Entries shown section start
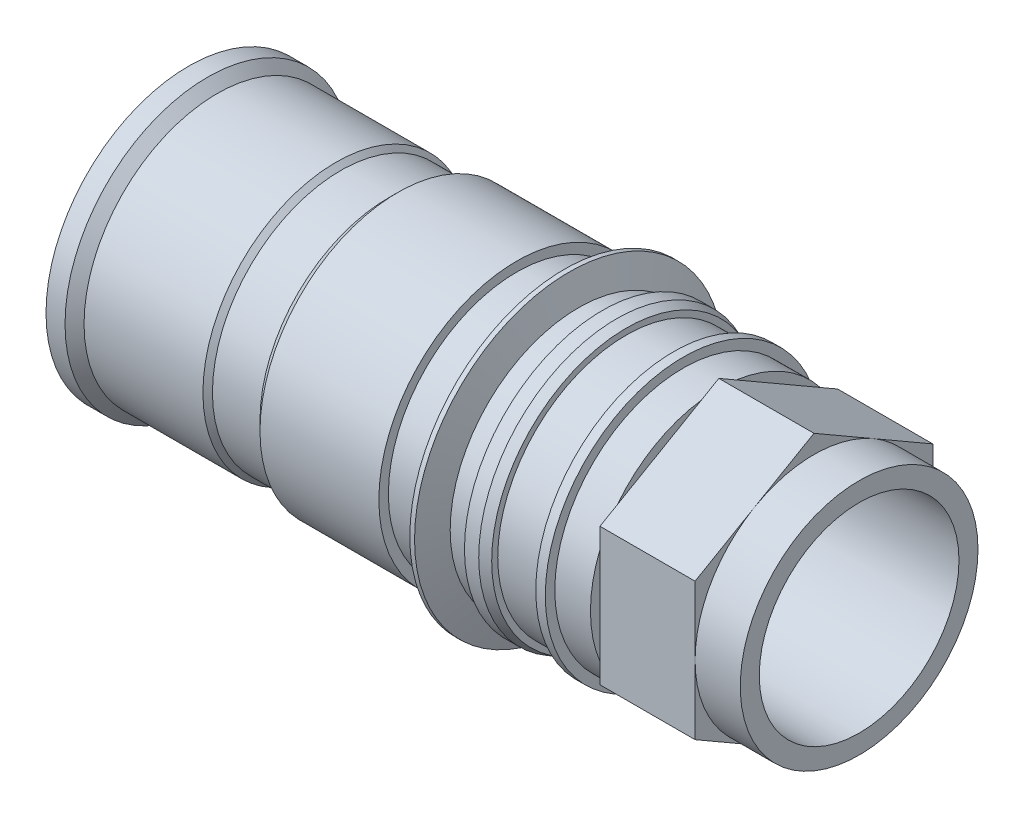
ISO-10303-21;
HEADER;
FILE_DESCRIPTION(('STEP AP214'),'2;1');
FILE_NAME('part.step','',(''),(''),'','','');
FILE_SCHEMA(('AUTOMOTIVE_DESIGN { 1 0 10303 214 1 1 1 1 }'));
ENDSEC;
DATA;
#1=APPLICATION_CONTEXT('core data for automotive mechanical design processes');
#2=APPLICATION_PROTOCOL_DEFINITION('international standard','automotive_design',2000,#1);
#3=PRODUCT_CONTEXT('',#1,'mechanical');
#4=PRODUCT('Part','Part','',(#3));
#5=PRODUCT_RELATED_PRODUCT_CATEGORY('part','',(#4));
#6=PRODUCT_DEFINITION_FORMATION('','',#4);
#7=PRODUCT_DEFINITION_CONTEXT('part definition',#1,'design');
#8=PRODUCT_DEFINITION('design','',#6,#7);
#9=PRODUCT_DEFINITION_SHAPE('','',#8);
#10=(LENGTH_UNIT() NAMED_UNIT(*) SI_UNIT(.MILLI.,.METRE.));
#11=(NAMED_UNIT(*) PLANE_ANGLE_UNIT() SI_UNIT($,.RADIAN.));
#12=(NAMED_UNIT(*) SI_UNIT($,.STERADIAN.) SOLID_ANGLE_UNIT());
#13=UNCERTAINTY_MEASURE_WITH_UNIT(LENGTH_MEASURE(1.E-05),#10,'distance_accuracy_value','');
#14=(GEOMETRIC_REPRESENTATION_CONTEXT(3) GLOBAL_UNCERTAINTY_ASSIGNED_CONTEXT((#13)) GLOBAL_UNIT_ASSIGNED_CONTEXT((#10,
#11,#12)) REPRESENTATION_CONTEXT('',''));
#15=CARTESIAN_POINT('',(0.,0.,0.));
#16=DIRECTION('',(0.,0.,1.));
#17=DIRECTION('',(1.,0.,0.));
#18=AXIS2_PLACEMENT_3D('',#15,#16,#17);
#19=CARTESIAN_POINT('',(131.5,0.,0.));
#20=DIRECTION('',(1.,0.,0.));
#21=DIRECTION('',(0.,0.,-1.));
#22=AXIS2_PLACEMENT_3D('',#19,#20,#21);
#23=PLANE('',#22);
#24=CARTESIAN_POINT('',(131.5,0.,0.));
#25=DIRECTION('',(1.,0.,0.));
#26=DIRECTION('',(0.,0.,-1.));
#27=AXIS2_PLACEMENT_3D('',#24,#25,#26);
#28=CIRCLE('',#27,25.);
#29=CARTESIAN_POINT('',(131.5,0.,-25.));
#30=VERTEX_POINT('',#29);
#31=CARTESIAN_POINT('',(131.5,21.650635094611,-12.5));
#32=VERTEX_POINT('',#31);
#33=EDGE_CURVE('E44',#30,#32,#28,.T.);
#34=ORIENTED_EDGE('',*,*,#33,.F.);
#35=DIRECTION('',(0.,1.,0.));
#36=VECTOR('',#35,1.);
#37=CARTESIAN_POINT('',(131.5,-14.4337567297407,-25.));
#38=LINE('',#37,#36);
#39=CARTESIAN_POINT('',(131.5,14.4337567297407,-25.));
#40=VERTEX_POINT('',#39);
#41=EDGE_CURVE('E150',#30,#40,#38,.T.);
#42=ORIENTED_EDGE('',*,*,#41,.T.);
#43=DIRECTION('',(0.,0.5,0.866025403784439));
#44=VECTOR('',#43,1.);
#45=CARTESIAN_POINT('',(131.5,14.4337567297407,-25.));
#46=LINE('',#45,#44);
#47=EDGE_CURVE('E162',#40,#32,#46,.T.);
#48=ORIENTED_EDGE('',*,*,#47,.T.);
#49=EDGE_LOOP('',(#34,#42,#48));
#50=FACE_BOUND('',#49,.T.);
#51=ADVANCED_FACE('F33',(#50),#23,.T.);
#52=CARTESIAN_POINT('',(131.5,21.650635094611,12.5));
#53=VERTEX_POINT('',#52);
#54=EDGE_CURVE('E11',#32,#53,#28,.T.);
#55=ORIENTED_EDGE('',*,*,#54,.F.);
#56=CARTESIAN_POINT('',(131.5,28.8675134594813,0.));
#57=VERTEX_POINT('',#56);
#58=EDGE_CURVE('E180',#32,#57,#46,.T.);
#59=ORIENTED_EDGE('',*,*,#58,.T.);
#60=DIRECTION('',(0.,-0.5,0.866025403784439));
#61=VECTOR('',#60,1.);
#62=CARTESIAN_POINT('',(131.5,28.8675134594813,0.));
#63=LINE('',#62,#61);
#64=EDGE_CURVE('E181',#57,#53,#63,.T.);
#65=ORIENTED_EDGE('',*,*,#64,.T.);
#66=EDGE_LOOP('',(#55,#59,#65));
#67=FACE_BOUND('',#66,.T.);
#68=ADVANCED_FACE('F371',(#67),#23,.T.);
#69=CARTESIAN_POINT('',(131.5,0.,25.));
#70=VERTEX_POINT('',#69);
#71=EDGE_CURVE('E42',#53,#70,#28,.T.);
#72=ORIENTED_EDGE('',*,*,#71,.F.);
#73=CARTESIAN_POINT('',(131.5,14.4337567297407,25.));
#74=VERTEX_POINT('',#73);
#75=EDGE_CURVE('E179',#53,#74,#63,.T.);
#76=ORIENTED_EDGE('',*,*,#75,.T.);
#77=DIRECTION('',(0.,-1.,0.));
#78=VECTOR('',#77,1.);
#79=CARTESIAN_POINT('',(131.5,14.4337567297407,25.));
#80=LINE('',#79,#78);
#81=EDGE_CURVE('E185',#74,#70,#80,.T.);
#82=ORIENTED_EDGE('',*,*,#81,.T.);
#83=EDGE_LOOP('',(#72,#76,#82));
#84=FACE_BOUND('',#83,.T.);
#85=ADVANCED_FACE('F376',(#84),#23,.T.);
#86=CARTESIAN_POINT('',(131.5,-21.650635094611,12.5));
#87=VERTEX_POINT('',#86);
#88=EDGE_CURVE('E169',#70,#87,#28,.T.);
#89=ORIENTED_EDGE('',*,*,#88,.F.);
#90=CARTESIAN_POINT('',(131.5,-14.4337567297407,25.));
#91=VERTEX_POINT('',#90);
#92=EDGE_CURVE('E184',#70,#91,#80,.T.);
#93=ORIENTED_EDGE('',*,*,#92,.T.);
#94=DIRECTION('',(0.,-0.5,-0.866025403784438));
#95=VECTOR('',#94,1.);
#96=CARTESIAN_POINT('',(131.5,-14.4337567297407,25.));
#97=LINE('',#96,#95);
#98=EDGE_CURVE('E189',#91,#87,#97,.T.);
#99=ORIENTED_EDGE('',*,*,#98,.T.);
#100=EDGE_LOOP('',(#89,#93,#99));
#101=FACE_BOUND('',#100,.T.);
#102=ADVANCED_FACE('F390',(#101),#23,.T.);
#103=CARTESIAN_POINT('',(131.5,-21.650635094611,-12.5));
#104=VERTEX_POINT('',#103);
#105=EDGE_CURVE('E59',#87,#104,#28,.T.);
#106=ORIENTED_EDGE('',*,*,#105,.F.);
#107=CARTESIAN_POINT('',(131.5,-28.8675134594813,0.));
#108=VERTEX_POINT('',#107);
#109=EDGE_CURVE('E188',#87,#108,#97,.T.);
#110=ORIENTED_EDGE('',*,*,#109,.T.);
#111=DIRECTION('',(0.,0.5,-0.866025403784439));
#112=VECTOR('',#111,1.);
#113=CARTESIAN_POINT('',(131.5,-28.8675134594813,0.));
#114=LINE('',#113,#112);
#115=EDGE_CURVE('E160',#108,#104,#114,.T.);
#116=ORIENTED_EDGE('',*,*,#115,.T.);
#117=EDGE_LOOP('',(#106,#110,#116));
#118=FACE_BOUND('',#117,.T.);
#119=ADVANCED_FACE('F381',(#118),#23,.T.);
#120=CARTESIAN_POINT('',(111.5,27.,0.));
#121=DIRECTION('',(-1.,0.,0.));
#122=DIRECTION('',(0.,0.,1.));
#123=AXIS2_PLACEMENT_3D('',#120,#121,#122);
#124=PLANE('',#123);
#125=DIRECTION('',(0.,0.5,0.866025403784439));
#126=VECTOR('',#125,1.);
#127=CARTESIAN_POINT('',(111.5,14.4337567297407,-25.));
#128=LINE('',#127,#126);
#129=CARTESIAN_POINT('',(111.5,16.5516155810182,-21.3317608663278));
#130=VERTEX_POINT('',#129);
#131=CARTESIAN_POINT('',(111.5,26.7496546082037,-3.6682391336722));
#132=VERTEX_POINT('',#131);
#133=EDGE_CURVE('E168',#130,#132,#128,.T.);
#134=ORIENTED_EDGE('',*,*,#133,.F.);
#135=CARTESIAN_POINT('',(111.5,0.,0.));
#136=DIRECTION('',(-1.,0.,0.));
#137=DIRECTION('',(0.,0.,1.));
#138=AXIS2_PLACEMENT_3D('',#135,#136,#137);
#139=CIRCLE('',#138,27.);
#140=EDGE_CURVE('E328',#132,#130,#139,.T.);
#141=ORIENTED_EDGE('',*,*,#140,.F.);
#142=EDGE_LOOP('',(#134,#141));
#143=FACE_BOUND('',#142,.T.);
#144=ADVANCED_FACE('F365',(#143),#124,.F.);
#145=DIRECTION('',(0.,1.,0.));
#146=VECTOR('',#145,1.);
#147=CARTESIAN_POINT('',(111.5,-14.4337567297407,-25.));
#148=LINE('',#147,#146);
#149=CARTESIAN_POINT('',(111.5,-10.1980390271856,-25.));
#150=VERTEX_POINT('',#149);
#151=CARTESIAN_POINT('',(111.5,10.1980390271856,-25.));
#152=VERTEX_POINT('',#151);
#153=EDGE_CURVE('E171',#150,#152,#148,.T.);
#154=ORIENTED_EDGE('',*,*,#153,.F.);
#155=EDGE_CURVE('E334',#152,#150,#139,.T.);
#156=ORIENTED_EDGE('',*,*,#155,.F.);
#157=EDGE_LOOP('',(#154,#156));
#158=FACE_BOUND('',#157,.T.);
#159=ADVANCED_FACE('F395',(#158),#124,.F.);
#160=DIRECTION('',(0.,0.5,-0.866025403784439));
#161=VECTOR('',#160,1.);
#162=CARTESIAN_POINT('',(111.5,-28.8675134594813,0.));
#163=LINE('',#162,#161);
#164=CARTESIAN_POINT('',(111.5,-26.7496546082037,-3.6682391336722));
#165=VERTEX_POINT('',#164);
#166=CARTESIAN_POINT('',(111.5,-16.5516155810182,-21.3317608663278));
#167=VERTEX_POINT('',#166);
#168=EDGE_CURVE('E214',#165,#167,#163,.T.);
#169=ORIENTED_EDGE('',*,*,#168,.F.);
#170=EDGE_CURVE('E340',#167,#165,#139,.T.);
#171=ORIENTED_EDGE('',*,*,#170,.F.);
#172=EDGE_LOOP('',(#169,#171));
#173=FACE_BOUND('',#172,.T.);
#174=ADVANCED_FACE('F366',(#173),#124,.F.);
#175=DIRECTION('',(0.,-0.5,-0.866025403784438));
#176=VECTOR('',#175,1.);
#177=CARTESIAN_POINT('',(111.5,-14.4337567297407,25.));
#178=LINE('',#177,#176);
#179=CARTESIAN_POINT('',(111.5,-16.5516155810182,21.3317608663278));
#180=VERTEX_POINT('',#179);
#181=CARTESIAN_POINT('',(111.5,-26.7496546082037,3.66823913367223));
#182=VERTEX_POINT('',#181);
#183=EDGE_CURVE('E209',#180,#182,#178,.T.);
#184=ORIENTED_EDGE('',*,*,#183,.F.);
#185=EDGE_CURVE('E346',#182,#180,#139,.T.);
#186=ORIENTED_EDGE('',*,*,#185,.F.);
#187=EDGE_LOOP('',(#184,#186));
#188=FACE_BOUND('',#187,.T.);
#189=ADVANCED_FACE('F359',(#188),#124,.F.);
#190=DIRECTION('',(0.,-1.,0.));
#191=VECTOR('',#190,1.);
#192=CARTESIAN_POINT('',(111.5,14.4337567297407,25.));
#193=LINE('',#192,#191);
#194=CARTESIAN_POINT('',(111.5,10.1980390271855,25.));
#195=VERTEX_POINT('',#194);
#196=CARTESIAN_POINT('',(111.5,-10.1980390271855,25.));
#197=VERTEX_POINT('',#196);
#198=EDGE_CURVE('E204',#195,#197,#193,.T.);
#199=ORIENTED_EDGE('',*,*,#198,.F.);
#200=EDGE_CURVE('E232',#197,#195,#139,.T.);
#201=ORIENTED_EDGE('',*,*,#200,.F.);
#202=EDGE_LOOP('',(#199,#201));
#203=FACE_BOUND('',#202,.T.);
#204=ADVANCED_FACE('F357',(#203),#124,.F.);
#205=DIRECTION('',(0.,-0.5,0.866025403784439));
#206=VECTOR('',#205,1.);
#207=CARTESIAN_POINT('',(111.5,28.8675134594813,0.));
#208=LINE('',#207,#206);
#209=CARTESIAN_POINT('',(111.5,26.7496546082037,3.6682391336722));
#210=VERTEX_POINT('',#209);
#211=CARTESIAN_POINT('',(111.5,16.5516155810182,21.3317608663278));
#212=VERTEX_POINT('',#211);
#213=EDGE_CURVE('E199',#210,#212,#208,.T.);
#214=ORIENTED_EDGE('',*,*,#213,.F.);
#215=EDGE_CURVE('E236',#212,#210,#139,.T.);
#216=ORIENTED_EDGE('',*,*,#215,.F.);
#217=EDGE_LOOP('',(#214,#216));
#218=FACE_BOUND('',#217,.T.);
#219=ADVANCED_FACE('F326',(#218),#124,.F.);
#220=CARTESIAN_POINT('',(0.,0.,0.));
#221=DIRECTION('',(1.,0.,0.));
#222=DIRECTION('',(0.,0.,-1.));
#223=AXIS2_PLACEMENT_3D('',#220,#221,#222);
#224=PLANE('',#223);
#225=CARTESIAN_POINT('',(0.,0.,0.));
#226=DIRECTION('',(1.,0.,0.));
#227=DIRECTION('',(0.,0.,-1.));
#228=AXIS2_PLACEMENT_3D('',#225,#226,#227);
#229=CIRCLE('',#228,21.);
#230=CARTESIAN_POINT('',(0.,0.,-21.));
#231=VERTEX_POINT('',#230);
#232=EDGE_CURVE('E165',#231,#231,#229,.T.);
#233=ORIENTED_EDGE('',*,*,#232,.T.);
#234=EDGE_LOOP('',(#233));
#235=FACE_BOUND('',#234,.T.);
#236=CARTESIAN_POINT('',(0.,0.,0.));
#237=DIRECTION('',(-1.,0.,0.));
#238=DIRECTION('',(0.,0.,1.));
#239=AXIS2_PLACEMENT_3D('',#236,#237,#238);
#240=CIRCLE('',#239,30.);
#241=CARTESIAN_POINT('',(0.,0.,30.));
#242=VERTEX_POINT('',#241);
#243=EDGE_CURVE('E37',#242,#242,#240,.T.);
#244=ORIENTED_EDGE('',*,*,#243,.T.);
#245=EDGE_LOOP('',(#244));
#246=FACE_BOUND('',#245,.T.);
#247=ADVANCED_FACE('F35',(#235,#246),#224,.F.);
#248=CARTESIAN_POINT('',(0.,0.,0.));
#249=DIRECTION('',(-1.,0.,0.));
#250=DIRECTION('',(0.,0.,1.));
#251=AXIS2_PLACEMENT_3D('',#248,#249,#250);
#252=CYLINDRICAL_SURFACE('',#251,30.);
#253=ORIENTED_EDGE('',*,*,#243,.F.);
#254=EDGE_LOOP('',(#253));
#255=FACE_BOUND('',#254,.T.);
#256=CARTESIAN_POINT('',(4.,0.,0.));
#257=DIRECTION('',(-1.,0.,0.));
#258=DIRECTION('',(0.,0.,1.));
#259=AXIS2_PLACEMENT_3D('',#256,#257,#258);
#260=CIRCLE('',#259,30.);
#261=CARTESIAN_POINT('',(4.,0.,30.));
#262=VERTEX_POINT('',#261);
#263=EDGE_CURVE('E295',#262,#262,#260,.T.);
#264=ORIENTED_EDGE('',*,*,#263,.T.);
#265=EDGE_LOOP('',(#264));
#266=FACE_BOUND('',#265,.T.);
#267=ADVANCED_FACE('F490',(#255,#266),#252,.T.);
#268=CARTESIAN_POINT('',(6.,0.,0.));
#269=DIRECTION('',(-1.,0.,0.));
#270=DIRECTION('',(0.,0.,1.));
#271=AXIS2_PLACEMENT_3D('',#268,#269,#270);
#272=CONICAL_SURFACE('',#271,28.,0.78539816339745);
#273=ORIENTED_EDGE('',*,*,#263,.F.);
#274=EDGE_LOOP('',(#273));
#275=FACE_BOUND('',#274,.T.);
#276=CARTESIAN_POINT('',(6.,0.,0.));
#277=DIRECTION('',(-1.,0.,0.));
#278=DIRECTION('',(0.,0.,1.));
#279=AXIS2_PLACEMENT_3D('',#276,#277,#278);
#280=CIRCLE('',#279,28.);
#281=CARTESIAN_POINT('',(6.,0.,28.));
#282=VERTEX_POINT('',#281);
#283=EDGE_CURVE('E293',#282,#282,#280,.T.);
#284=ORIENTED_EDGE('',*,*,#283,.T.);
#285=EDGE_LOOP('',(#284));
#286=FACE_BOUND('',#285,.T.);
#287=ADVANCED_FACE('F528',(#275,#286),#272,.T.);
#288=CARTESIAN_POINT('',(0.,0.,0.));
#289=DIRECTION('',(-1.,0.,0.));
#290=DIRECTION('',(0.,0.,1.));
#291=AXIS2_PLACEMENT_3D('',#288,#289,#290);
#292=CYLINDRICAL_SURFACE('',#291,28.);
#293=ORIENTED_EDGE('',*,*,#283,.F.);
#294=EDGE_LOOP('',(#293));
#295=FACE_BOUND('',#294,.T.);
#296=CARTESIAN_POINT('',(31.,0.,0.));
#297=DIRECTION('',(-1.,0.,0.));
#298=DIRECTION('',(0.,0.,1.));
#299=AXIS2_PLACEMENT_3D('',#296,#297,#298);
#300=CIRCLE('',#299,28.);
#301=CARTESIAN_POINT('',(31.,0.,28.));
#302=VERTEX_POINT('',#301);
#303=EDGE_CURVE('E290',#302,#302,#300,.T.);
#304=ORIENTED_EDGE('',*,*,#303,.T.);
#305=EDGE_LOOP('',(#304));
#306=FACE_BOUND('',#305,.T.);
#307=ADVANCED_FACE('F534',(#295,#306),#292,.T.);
Entries shown section end
● **The problem**
Taking the lines above, repeat exactly those from the line that contains "#191=VECTOR('',#190,1.);" through the line that contains "#210=VERTEX_POINT('',#209);", and both of those lines as well. Include nothing else.

● **Solution to this task**
#191=VECTOR('',#190,1.);
#192=CARTESIAN_POINT('',(111.5,14.4337567297407,25.));
#193=LINE('',#192,#191);
#194=CARTESIAN_POINT('',(111.5,10.1980390271855,25.));
#195=VERTEX_POINT('',#194);
#196=CARTESIAN_POINT('',(111.5,-10.1980390271855,25.));
#197=VERTEX_POINT('',#196);
#198=EDGE_CURVE('E204',#195,#197,#193,.T.);
#199=ORIENTED_EDGE('',*,*,#198,.F.);
#200=EDGE_CURVE('E232',#197,#195,#139,.T.);
#201=ORIENTED_EDGE('',*,*,#200,.F.);
#202=EDGE_LOOP('',(#199,#201));
#203=FACE_BOUND('',#202,.T.);
#204=ADVANCED_FACE('F357',(#203),#124,.F.);
#205=DIRECTION('',(0.,-0.5,0.866025403784439));
#206=VECTOR('',#205,1.);
#207=CARTESIAN_POINT('',(111.5,28.8675134594813,0.));
#208=LINE('',#207,#206);
#209=CARTESIAN_POINT('',(111.5,26.7496546082037,3.6682391336722));
#210=VERTEX_POINT('',#209);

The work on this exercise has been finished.